Beginning with the first line, retype exactly the records below up to and including the line with "0, 65) normal"; pictures do not belong in the copy.

=== DATASET EXTRACT ===
------------------------------------------------

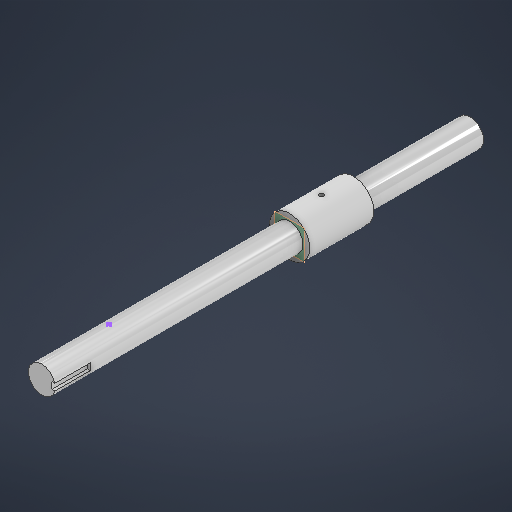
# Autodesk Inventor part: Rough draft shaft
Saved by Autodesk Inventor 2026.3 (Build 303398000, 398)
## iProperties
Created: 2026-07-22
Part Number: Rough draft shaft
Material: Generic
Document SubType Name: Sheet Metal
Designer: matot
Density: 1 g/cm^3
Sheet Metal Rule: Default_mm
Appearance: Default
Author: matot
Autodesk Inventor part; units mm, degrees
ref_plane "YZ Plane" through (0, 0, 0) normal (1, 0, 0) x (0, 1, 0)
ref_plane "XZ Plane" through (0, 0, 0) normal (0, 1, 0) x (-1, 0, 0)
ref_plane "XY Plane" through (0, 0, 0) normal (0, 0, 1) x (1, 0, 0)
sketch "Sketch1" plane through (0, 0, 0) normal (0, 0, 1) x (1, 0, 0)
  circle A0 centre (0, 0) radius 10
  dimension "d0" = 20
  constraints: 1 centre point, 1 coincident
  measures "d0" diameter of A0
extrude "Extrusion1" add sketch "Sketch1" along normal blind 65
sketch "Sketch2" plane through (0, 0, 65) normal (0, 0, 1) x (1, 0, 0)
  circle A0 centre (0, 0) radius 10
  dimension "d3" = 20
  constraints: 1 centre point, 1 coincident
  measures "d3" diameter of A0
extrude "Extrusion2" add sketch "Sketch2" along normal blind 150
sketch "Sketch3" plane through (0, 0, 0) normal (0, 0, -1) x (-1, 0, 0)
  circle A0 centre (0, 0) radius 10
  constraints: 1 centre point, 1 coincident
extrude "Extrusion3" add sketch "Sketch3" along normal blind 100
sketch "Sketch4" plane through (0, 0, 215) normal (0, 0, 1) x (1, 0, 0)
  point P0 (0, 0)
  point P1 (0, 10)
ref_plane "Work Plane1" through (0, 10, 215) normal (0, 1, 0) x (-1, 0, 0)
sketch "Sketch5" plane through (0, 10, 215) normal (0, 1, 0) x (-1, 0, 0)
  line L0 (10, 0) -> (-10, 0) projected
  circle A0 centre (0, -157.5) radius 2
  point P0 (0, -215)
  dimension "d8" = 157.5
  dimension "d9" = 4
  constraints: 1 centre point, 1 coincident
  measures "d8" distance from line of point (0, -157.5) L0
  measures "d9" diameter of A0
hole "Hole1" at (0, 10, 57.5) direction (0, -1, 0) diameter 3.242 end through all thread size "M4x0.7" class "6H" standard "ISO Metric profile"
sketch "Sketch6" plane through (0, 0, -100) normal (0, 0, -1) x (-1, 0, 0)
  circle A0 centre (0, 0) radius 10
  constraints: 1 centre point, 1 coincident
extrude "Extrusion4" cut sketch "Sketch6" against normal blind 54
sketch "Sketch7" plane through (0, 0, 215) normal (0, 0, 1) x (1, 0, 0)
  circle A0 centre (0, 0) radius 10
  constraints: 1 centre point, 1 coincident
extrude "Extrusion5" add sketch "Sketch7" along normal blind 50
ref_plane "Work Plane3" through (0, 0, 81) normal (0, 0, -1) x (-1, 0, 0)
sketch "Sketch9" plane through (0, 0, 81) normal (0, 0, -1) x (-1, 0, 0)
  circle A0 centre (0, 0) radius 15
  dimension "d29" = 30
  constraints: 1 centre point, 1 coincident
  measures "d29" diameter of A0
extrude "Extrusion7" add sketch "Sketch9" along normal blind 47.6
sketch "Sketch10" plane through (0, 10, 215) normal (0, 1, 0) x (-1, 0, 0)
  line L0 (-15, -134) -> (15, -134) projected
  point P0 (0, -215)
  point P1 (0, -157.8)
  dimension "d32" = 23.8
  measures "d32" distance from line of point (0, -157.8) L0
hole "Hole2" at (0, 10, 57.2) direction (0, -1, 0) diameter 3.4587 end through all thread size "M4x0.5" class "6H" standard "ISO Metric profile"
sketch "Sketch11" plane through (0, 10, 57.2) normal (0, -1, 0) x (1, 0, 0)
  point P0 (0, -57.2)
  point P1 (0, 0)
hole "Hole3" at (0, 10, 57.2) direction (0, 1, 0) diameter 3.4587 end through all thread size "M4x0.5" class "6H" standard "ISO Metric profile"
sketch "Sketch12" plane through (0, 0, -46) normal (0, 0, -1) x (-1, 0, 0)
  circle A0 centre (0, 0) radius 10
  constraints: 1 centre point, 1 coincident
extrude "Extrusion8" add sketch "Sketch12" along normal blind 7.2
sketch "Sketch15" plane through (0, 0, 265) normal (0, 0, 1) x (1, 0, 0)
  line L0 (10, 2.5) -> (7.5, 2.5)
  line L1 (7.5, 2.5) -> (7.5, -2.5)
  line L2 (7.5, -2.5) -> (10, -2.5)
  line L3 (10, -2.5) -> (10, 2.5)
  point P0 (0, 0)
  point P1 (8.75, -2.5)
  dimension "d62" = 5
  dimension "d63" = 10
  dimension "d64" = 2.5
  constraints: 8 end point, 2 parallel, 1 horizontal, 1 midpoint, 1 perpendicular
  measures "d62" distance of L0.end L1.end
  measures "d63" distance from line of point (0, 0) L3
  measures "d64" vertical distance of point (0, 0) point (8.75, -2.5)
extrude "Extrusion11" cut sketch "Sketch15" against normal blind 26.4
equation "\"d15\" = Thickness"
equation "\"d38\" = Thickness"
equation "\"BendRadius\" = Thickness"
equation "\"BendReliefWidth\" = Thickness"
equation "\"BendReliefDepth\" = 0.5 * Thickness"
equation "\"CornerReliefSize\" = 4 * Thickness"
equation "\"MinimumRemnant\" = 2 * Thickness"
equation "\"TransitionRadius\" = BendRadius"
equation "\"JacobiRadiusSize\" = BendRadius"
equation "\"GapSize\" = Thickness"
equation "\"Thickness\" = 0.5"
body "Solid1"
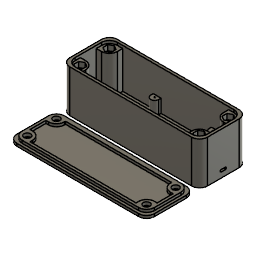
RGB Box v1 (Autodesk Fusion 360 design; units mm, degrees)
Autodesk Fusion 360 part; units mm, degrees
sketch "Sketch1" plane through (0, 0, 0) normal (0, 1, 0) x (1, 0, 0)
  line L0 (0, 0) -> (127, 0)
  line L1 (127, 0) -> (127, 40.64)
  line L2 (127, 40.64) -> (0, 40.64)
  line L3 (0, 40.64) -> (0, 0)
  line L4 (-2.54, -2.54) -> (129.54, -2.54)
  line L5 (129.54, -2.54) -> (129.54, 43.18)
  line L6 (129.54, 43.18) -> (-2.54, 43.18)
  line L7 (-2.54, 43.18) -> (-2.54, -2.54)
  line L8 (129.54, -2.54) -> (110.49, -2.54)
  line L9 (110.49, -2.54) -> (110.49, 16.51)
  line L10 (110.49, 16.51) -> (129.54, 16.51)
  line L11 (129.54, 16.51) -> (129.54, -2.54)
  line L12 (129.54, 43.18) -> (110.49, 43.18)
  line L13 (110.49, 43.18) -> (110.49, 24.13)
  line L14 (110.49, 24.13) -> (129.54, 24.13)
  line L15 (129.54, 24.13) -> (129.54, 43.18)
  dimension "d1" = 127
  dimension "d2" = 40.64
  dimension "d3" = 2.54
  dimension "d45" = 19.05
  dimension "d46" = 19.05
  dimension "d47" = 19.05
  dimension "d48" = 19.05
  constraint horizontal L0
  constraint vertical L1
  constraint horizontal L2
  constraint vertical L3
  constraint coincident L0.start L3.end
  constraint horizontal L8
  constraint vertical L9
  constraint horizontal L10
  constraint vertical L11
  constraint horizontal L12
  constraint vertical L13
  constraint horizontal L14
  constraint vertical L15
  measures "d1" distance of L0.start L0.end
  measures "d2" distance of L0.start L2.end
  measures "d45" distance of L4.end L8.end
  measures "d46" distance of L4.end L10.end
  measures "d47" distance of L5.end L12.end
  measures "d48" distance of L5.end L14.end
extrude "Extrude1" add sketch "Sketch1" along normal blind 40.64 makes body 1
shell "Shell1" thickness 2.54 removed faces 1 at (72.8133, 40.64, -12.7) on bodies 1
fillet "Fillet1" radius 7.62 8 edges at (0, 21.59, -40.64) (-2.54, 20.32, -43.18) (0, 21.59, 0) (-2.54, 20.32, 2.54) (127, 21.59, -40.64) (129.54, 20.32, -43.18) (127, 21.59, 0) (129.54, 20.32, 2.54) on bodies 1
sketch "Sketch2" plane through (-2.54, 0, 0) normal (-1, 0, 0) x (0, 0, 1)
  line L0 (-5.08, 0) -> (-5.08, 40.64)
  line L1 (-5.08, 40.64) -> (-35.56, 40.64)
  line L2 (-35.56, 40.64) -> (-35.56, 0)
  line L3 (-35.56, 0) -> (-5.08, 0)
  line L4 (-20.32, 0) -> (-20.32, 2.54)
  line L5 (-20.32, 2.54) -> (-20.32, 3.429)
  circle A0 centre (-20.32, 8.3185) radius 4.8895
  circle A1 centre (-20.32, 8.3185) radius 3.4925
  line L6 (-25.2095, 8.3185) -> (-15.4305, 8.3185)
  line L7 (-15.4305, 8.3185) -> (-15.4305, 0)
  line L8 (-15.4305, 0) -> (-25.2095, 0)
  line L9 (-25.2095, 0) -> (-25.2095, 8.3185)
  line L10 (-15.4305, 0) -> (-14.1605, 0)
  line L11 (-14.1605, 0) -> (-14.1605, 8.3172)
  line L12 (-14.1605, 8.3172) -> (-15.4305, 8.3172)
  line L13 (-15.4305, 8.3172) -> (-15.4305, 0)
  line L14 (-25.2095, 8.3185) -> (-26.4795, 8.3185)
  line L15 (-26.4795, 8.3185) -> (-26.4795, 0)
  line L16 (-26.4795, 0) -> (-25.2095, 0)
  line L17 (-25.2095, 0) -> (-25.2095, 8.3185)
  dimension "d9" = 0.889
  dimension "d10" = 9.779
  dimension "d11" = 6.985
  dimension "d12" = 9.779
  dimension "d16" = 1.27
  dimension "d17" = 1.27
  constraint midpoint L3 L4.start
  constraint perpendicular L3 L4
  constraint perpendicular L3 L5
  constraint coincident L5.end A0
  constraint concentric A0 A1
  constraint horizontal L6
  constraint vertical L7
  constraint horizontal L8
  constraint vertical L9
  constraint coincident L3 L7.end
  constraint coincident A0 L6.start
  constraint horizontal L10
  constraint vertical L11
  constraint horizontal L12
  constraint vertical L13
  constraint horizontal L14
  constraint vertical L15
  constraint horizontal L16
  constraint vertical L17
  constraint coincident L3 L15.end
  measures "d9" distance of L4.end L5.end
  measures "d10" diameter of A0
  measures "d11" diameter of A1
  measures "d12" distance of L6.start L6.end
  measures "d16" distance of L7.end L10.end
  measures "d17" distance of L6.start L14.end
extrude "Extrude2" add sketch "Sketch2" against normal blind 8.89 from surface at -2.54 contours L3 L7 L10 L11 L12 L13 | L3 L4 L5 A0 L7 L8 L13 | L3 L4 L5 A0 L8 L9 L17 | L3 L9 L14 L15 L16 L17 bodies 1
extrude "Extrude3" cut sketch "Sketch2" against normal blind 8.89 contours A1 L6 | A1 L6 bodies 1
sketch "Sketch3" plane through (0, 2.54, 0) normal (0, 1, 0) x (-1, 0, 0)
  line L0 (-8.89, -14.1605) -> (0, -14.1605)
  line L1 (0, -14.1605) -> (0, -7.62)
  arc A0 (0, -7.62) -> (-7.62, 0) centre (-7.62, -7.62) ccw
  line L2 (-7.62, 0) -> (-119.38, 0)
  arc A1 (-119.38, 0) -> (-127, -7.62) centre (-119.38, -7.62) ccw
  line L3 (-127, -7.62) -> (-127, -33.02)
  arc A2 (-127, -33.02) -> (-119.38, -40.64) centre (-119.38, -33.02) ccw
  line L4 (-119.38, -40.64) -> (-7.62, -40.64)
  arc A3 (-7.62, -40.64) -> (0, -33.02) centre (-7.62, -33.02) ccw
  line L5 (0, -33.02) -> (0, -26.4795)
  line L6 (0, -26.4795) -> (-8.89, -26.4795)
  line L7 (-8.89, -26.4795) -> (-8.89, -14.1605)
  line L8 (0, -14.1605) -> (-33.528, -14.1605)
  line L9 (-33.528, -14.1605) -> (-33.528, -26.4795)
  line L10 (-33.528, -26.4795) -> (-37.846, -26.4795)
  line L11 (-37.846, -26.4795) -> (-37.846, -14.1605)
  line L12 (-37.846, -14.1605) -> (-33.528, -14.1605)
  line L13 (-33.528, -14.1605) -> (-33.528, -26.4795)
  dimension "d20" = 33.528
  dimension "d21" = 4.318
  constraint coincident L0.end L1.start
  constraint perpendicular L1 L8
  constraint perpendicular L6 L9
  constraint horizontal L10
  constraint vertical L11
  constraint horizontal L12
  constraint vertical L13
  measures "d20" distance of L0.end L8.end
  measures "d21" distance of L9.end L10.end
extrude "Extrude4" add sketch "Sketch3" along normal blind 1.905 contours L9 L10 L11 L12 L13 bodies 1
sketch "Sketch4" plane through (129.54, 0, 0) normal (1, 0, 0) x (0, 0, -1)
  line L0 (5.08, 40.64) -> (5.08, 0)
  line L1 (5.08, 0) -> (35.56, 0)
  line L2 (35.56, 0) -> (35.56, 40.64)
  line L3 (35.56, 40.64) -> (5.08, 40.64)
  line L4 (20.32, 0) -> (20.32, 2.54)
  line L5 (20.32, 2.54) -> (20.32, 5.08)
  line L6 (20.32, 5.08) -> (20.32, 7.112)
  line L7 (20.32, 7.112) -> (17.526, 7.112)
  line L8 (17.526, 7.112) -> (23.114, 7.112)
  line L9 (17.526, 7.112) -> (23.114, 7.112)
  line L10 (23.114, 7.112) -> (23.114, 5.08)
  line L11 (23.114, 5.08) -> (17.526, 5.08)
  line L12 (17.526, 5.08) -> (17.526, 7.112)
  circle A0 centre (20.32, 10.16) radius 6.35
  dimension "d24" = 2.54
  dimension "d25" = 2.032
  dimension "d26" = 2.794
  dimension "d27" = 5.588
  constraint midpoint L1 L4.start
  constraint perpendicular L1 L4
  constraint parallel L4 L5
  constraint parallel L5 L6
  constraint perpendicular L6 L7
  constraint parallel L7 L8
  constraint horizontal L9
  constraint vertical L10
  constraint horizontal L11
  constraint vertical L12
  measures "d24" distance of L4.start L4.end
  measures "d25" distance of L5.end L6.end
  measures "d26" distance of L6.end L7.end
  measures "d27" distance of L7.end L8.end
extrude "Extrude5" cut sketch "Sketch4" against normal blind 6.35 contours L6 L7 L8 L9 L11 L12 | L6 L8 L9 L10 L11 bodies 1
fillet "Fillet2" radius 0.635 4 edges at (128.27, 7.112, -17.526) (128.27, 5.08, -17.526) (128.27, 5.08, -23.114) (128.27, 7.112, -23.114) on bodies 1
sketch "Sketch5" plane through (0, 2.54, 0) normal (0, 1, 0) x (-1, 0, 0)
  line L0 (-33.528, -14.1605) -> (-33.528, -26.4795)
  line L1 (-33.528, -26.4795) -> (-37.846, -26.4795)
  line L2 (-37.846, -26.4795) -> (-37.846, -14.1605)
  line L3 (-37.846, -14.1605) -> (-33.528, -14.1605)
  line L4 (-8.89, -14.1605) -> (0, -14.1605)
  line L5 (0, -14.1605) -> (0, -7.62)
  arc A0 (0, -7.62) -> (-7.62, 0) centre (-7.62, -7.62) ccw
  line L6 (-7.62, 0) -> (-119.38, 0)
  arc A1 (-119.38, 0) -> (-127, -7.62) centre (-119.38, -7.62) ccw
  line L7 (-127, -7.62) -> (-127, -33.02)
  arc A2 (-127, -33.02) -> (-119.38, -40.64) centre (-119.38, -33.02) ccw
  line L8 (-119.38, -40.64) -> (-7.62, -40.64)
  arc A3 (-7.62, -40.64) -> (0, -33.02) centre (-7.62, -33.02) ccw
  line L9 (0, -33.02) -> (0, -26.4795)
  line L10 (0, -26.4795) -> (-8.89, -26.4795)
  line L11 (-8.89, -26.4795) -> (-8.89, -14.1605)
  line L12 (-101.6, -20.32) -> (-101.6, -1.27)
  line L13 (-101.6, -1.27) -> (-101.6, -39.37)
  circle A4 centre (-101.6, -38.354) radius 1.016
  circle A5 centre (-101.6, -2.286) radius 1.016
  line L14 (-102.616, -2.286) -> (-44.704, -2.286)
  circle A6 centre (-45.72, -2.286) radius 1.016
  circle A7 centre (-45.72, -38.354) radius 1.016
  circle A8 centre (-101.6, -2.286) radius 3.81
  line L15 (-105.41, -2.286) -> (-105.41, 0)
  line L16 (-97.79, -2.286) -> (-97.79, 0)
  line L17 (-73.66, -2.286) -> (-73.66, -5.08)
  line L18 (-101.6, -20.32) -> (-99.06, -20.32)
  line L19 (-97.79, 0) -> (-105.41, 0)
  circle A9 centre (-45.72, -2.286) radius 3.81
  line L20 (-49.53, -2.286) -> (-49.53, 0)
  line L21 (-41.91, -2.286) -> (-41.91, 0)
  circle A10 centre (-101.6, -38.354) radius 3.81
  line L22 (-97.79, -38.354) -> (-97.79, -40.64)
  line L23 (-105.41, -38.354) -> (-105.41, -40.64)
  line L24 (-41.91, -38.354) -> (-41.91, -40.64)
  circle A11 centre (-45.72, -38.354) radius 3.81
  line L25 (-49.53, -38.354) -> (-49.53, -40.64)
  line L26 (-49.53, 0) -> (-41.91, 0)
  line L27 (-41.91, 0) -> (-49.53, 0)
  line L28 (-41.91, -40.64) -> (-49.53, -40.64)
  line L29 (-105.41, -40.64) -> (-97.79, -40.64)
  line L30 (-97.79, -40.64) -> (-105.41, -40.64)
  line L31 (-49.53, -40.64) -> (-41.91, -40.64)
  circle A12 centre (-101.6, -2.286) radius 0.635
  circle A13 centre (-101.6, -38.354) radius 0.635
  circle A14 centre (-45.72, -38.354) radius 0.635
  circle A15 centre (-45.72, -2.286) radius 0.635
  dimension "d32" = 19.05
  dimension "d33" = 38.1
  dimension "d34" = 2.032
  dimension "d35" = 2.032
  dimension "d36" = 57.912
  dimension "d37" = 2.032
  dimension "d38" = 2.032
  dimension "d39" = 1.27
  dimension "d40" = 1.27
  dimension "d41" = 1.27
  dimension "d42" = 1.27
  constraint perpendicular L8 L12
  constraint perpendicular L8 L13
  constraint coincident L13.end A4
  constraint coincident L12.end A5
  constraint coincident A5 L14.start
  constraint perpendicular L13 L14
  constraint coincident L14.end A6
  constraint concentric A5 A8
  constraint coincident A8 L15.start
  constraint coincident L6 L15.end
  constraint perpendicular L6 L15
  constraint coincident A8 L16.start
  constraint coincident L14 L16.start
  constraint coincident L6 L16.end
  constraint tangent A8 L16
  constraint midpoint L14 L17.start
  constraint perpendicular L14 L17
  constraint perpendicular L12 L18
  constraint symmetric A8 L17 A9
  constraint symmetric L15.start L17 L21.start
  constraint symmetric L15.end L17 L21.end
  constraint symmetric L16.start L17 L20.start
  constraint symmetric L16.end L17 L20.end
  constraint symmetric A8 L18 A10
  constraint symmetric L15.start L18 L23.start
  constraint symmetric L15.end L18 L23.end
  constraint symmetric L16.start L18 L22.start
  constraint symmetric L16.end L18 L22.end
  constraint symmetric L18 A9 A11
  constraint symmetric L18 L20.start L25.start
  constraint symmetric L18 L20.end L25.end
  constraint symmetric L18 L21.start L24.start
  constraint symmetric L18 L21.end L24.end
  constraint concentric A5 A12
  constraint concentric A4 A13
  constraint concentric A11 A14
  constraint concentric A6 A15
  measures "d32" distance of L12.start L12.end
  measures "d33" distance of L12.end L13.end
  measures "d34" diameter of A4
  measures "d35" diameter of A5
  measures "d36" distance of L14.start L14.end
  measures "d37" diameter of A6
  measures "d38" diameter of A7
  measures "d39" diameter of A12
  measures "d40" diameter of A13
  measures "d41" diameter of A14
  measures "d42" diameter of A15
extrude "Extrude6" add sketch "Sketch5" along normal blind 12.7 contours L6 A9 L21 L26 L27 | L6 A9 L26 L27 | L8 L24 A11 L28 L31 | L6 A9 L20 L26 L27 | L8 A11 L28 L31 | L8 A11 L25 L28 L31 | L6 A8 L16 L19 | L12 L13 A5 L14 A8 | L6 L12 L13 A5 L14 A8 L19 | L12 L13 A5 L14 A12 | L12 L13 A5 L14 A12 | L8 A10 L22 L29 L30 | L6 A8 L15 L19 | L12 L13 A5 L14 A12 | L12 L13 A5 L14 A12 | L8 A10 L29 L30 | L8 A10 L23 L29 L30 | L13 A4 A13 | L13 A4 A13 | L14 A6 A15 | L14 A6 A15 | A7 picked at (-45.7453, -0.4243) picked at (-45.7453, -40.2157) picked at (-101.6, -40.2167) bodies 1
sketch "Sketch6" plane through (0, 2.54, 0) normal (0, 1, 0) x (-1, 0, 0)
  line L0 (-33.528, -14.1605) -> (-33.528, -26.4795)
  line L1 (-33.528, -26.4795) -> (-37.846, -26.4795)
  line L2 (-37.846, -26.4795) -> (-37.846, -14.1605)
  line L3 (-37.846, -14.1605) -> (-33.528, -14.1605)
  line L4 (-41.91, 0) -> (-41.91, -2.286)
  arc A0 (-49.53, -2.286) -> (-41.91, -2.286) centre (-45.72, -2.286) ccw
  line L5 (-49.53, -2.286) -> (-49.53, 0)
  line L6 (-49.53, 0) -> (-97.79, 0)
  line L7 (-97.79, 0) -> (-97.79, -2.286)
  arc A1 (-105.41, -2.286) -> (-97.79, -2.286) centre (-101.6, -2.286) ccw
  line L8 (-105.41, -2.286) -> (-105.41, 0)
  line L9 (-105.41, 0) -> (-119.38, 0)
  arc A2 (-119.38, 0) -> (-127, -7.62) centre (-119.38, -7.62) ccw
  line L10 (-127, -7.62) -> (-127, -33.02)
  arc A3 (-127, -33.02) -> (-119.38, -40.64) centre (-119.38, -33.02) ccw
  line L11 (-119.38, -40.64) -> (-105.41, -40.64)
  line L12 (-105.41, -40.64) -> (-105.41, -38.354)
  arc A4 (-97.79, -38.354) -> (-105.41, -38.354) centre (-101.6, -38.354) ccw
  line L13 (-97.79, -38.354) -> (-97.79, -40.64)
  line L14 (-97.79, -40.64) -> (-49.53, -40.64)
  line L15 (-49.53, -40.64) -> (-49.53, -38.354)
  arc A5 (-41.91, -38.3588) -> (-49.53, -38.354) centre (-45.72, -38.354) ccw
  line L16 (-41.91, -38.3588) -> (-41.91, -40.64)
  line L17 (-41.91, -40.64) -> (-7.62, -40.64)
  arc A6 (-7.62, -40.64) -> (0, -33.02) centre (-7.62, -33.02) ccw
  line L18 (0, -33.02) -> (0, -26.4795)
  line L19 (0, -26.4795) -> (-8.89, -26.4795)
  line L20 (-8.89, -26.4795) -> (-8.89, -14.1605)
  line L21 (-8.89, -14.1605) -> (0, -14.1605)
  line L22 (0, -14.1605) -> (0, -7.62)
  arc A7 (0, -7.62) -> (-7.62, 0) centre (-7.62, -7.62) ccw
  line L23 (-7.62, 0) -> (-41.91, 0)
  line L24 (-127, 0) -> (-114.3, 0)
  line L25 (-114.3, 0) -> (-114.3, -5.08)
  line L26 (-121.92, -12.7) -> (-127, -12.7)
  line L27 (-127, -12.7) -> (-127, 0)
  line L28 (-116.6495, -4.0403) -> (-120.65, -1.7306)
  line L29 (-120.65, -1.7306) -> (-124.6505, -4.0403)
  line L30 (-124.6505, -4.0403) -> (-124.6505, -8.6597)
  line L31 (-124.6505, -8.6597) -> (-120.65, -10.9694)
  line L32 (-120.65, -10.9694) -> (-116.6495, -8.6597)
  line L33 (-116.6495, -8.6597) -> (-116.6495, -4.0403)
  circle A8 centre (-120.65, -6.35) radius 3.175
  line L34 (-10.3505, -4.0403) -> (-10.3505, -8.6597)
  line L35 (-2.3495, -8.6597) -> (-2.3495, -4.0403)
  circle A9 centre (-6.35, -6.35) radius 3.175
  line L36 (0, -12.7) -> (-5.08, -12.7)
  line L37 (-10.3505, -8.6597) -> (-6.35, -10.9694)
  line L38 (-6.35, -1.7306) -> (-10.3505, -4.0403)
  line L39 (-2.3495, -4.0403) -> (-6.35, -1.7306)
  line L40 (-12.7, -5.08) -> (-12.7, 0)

------------------------------------------------

=== TASK RESPONSE ===
# Autodesk Inventor part: Rough draft shaft
Saved by Autodesk Inventor 2026.3 (Build 303398000, 398)
## iProperties
Created: 2026-07-22
Part Number: Rough draft shaft
Material: Generic
Document SubType Name: Sheet Metal
Designer: matot
Density: 1 g/cm^3
Sheet Metal Rule: Default_mm
Appearance: Default
Author: matot
Autodesk Inventor part; units mm, degrees
ref_plane "YZ Plane" through (0, 0, 0) normal (1, 0, 0) x (0, 1, 0)
ref_plane "XZ Plane" through (0, 0, 0) normal (0, 1, 0) x (-1, 0, 0)
ref_plane "XY Plane" through (0, 0, 0) normal (0, 0, 1) x (1, 0, 0)
sketch "Sketch1" plane through (0, 0, 0) normal (0, 0, 1) x (1, 0, 0)
  circle A0 centre (0, 0) radius 10
  dimension "d0" = 20
  constraints: 1 centre point, 1 coincident
  measures "d0" diameter of A0
extrude "Extrusion1" add sketch "Sketch1" along normal blind 65
sketch "Sketch2" plane through (0, 0, 65) normal (0, 0, 1) x (1, 0, 0)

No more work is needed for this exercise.